◆ **EXERCISE INSTRUCTIONS**
Set down every line of the data exactly, skipping the pictures.

Start of DATA RECORDS

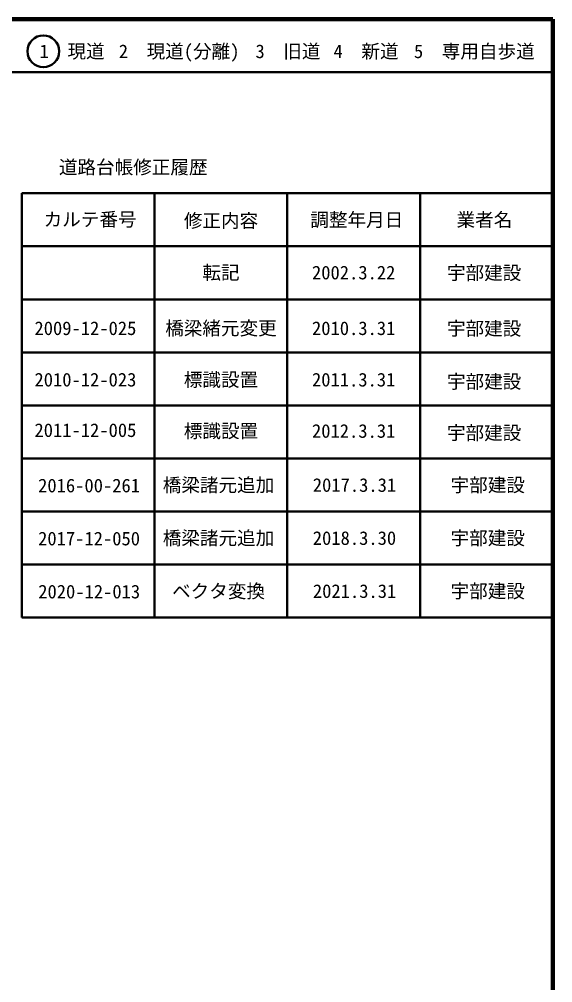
# Model space of a CAD drawing. Units: millimetres, scale not verified. Extents: x 40000 to 680000, y 20000 to 380000.
# Drawn here: x 579500 to 680000, y 198357 to 380000 of the extents above; entities that cross this region are included whole.
import ezdxf
from ezdxf.enums import TextEntityAlignment as Align

# ---------------------------------------------------------------- set-up
doc = ezdxf.new("R2010")
doc.units = ezdxf.units.MM
doc.header["$LTSCALE"] = 1000
for name, color, linetype, lineweight in [('M-TTL', 2, 'Continuous', 13), ('M-TTL-FRAM', 2, 'Continuous', 50), ('M-TTL-LINE', 7, 'Continuous', 50), ('M-TTL-TXT', 7, 'Continuous', 50)]:
    doc.layers.add(name, color=color, linetype=linetype, lineweight=lineweight)
doc.styles.add('ＭＳ ゴシック', font='')
doc.styles.get('ＭＳ ゴシック').set_extended_font_data('MS Gothic')

msp = doc.modelspace()

# ---------------------------------------------------------------- linework, layer by layer
at = {"layer": 'M-TTL', "lineweight": 140}
for p, q in [((680000, 380000), (40000, 380000)), ((680000, 20000), (680000, 380000))]:
    msp.add_line(p, q, dxfattribs=at)
at = {"layer": 'M-TTL-FRAM'}
for p, q in [((580000, 347197), (580000, 267197)), ((580000, 347197), (680000, 347197)), ((580000, 267197), (680000, 267197))]:
    msp.add_line(p, q, dxfattribs=at)
at = {"layer": 'M-TTL-LINE'}
for p, q in [((40000, 370000), (680000, 370000)), ((605000, 347197), (605000, 267197)), ((630000, 347197), (630000, 267197)), ((655000, 347197), (655000, 267197)), ((580000, 337197), (680000, 337197)), ((580000, 327197), (680000, 327197)), ((580000, 317197), (680000, 317197)), ((580000, 307197), (680000, 307197)), ((580000, 297197), (680000, 297197)), ((580000, 287197), (680000, 287197)), ((580000, 277197), (680000, 277197))]:
    msp.add_line(p, q, dxfattribs=at)
at = {"layer": 'M-TTL-TXT'}
msp.add_circle((584031, 373958), 3000, dxfattribs=at)

# ---------------------------------------------------------------- texts
at = {"layer": 'M-TTL-TXT', "style": 'ＭＳ ゴシック'}
for s, p in [('1\u3000現道', (589448, 373958)), ('2\u3000現道(分離)', (609619, 373958)), ('3\u3000旧道', (630121, 373958)), ('4\u3000新道', (644824, 373958)), ('5\u3000専用自歩道', (665228, 373958)), ('道路台帳修正履歴', (600968, 352113)), ('カルテ番号', (592839, 342277)), ('修正内容', (617509, 342023)), ('調整年月日', (643089, 342197)), ('業者名', (667134, 342197)), ('転記', (617500, 332245)), ('2002.3.22', (642500, 332245)), ('宇部建設', (667077, 332189)), ('橋梁緒元変更', (617500, 321750)), ('宇部建設', (667077, 321693)), ('2009-12-025', (591961, 321750)), ('2010.3.31', (642500, 321750)), ('宇部建設', (667077, 311693)), ('宇部建設', (667077, 302022))]:
    msp.add_text(s, height=2566, dxfattribs=at).set_placement(p, align=Align.MIDDLE_CENTER)
for s, p in [('2010-12-023', (591961, 310000)), ('標識設置', (617500, 310000)), ('2011.3.31', (642500, 310000)), ('2011-12-005', (591961, 300478)), ('標識設置', (617500, 300329)), ('2012.3.31', (642500, 300329)), ('宇部建設', (667758, 290138)), ('宇部建設', (667758, 280138)), ('2020-12-013', (592671, 270044)), ('ベクタ変換', (617039, 270138)), ('2021.3.31', (642671, 270138)), ('宇部建設', (667758, 270138))]:
    msp.add_text(s, height=2566, dxfattribs=at).set_placement(p, align=Align.BOTTOM_CENTER)
for s, p in [('2016-00-261', (583046, 290044)), ('橋梁諸元追加', (606539, 290138)), ('2017.3.31', (634796, 290138)), ('橋梁諸元追加', (606539, 280138)), ('2018.3.30', (634796, 280138)), ('2017-12-050', (583046, 280044))]:
    msp.add_text(s, height=2566, dxfattribs=at).set_placement(p, align=Align.BOTTOM_LEFT)

doc.saveas('drawing.dxf')
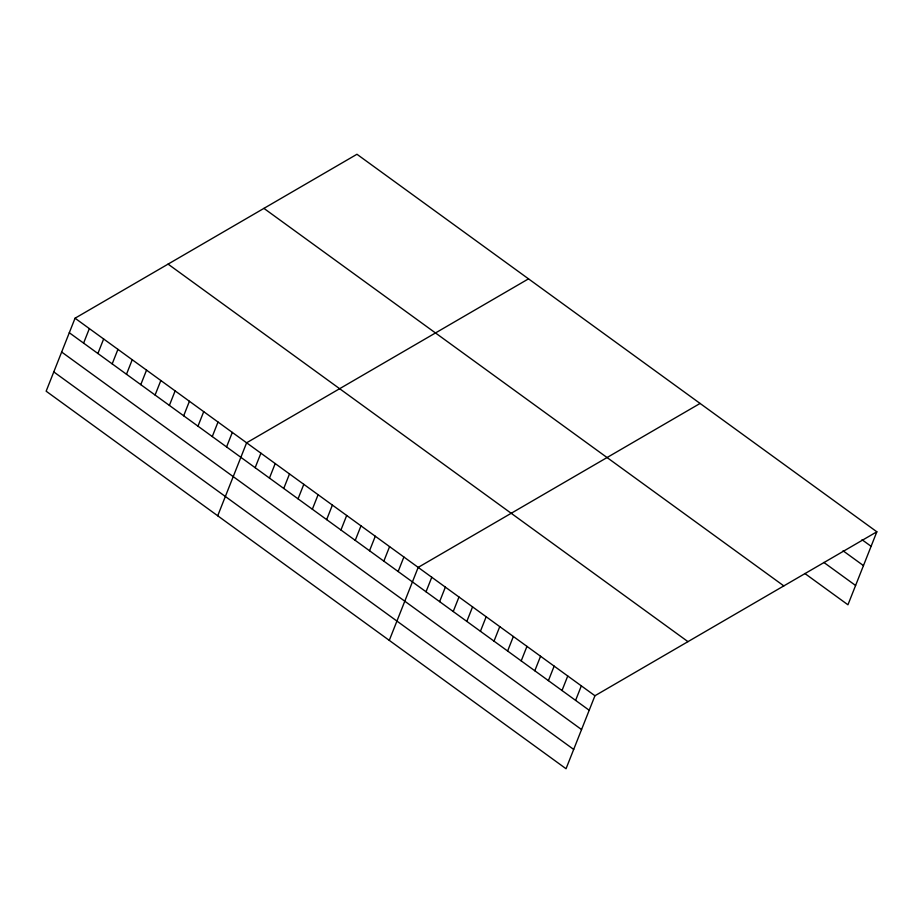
<?xml version="1.0" encoding="UTF-8"?>
<svg xmlns="http://www.w3.org/2000/svg" width="923" height="923" viewBox="0 0 923 923"><rect width="100%" height="100%" fill="white"/><g stroke="black" fill="none" stroke-linecap="round" stroke-linejoin="round"><path stroke-width="1.38" d="M75.051 318.216L46.15 391.202L566.041 768.732L594.943 695.746L876.85 531.798L356.959 154.268L75.051 318.216L594.943 695.746M83.601 343.114L89.346 328.6M97.896 353.497L103.641 338.983M112.191 363.881L117.936 349.367M126.486 374.265L132.231 359.751M140.781 384.649L146.538 370.123M155.087 395.032L160.833 380.507M169.382 405.405L175.128 390.891M183.677 415.788L189.423 401.274M197.972 426.172L203.718 411.658M212.267 436.556L218.013 422.042M226.562 446.94L232.319 432.414M217.713 515.784L246.614 442.798L528.521 278.85M255.163 467.696L260.909 453.181M269.458 478.079L275.204 463.565M283.753 488.463L289.499 473.949M298.048 498.847L303.805 484.333M312.355 509.231L318.1 494.716M326.65 519.614L332.395 505.089M340.945 529.998L346.69 515.472M355.24 540.37L360.985 525.856M369.535 550.754L375.292 536.24M383.841 561.138L389.587 546.624M398.136 571.522L403.882 557.007M389.287 640.366L418.177 567.391L700.084 403.443M426.022 591.781L431.779 577.256M439.625 601.646L445.371 587.132M453.228 611.522L458.973 597.008M466.819 621.398L472.564 606.884M480.421 631.274L486.167 616.76M494.013 641.15L499.758 626.625M507.615 651.015L513.361 636.501M521.207 660.891L526.952 646.377M534.809 670.767L540.555 656.253M548.4 680.643L554.146 666.129M562.003 690.519L567.749 675.994M575.594 700.384L581.34 685.87M876.85 531.798L847.949 604.784L804.891 573.518M862.036 539.736L871.104 546.312M843.068 550.8L863.466 565.614M823.87 562.453L855.598 585.494M263.92 208.379L783.823 585.897M168.078 264.116L687.97 641.647M69.294 332.73L589.197 710.26M61.656 352.032L581.559 729.562M53.788 371.911L573.691 749.43"/></g></svg>

End of DATA RECORDS

◆ **TASK SOLUTION**
# Model space of a CAD drawing. Units: millimetres, scale not verified. Extents: x 40000 to 680000, y 20000 to 380000.
# Drawn here: x 579500 to 680000, y 198357 to 380000 of the extents above; entities that cross this region are included whole.
import ezdxf
from ezdxf.enums import TextEntityAlignment as Align

# ---------------------------------------------------------------- set-up
doc = ezdxf.new("R2010")
doc.units = ezdxf.units.MM
doc.header["$LTSCALE"] = 1000
for name, color, linetype, lineweight in [('M-TTL', 2, 'Continuous', 13), ('M-TTL-FRAM', 2, 'Continuous', 50), ('M-TTL-LINE', 7, 'Continuous', 50), ('M-TTL-TXT', 7, 'Continuous', 50)]:
    doc.layers.add(name, color=color, linetype=linetype, lineweight=lineweight)
doc.styles.add('ＭＳ ゴシック', font='')
doc.styles.get('ＭＳ ゴシック').set_extended_font_data('MS Gothic')

msp = doc.modelspace()

# ---------------------------------------------------------------- linework, layer by layer
at = {"layer": 'M-TTL', "lineweight": 140}
for p, q in [((680000, 380000), (40000, 380000)), ((680000, 20000), (680000, 380000))]:
    msp.add_line(p, q, dxfattribs=at)
at = {"layer": 'M-TTL-FRAM'}
for p, q in [((580000, 347197), (580000, 267197)), ((580000, 347197), (680000, 347197)), ((580000, 267197), (680000, 267197))]:
    msp.add_line(p, q, dxfattribs=at)
at = {"layer": 'M-TTL-LINE'}
for p, q in [((40000, 370000), (680000, 370000)), ((605000, 347197), (605000, 267197)), ((630000, 347197), (630000, 267197)), ((655000, 347197), (655000, 267197)), ((580000, 337197), (680000, 337197)), ((580000, 327197), (680000, 327197)), ((580000, 317197), (680000, 317197)), ((580000, 307197), (680000, 307197)), ((580000, 297197), (680000, 297197)), ((580000, 287197), (680000, 287197)), ((580000, 277197), (680000, 277197))]:
    msp.add_line(p, q, dxfattribs=at)
at = {"layer": 'M-TTL-TXT'}
msp.add_circle((584031, 373958), 3000, dxfattribs=at)

# ---------------------------------------------------------------- texts
at = {"layer": 'M-TTL-TXT', "style": 'ＭＳ ゴシック'}
for s, p in [('1\u3000現道', (589448, 373958)), ('2\u3000現道(分離)', (609619, 373958)), ('3\u3000旧道', (630121, 373958)), ('4\u3000新道', (644824, 373958)), ('5\u3000専用自歩道', (665228, 373958)), ('道路台帳修正履歴', (600968, 352113)), ('カルテ番号', (592839, 342277)), ('修正内容', (617509, 342023)), ('調整年月日', (643089, 342197)), ('業者名', (667134, 342197)), ('転記', (617500, 332245)), ('2002.3.22', (642500, 332245)), ('宇部建設', (667077, 332189)), ('橋梁緒元変更', (617500, 321750)), ('宇部建設', (667077, 321693)), ('2009-12-025', (591961, 321750)), ('2010.3.31', (642500, 321750)), ('宇部建設', (667077, 311693)), ('宇部建設', (667077, 302022))]:
    msp.add_text(s, height=2566, dxfattribs=at).set_placement(p, align=Align.MIDDLE_CENTER)
for s, p in [('2010-12-023', (591961, 310000)), ('標識設置', (617500, 310000)), ('2011.3.31', (642500, 310000)), ('2011-12-005', (591961, 300478)), ('標識設置', (617500, 300329)), ('2012.3.31', (642500, 300329)), ('宇部建設', (667758, 290138)), ('宇部建設', (667758, 280138)), ('2020-12-013', (592671, 270044)), ('ベクタ変換', (617039, 270138)), ('2021.3.31', (642671, 270138)), ('宇部建設', (667758, 270138))]:
    msp.add_text(s, height=2566, dxfattribs=at).set_placement(p, align=Align.BOTTOM_CENTER)
for s, p in [('2016-00-261', (583046, 290044)), ('橋梁諸元追加', (606539, 290138)), ('2017.3.31', (634796, 290138)), ('橋梁諸元追加', (606539, 280138)), ('2018.3.30', (634796, 280138)), ('2017-12-050', (583046, 280044))]:
    msp.add_text(s, height=2566, dxfattribs=at).set_placement(p, align=Align.BOTTOM_LEFT)

doc.saveas('drawing.dxf')
<?xml version="1.0" encoding="UTF-8"?>
<svg xmlns="http://www.w3.org/2000/svg" width="923" height="923" viewBox="0 0 923 923"><rect width="100%" height="100%" fill="white"/><g stroke="black" fill="none" stroke-linecap="round" stroke-linejoin="round"><path stroke-width="1.38" d="M75.051 318.216L46.15 391.202L566.041 768.732L594.943 695.746L876.85 531.798L356.959 154.268L75.051 318.216L594.943 695.746M83.601 343.114L89.346 328.6M97.896 353.497L103.641 338.983M112.191 363.881L117.936 349.367M126.486 374.265L132.231 359.751M140.781 384.649L146.538 370.123M155.087 395.032L160.833 380.507M169.382 405.405L175.128 390.891M183.677 415.788L189.423 401.274M197.972 426.172L203.718 411.658M212.267 436.556L218.013 422.042M226.562 446.94L232.319 432.414M217.713 515.784L246.614 442.798L528.521 278.85M255.163 467.696L260.909 453.181M269.458 478.079L275.204 463.565M283.753 488.463L289.499 473.949M298.048 498.847L303.805 484.333M312.355 509.231L318.1 494.716M326.65 519.614L332.395 505.089M340.945 529.998L346.69 515.472M355.24 540.37L360.985 525.856M369.535 550.754L375.292 536.24M383.841 561.138L389.587 546.624M398.136 571.522L403.882 557.007M389.287 640.366L418.177 567.391L700.084 403.443M426.022 591.781L431.779 577.256M439.625 601.646L445.371 587.132M453.228 611.522L458.973 597.008M466.819 621.398L472.564 606.884M480.421 631.274L486.167 616.76M494.013 641.15L499.758 626.625M507.615 651.015L513.361 636.501M521.207 660.891L526.952 646.377M534.809 670.767L540.555 656.253M548.4 680.643L554.146 666.129M562.003 690.519L567.749 675.994M575.594 700.384L581.34 685.87M876.85 531.798L847.949 604.784L804.891 573.518M862.036 539.736L871.104 546.312M843.068 550.8L863.466 565.614M823.87 562.453L855.598 585.494M263.92 208.379L783.823 585.897M168.078 264.116L687.97 641.647M69.294 332.73L589.197 710.26M61.656 352.032L581.559 729.562M53.788 371.911L573.691 749.43"/></g></svg>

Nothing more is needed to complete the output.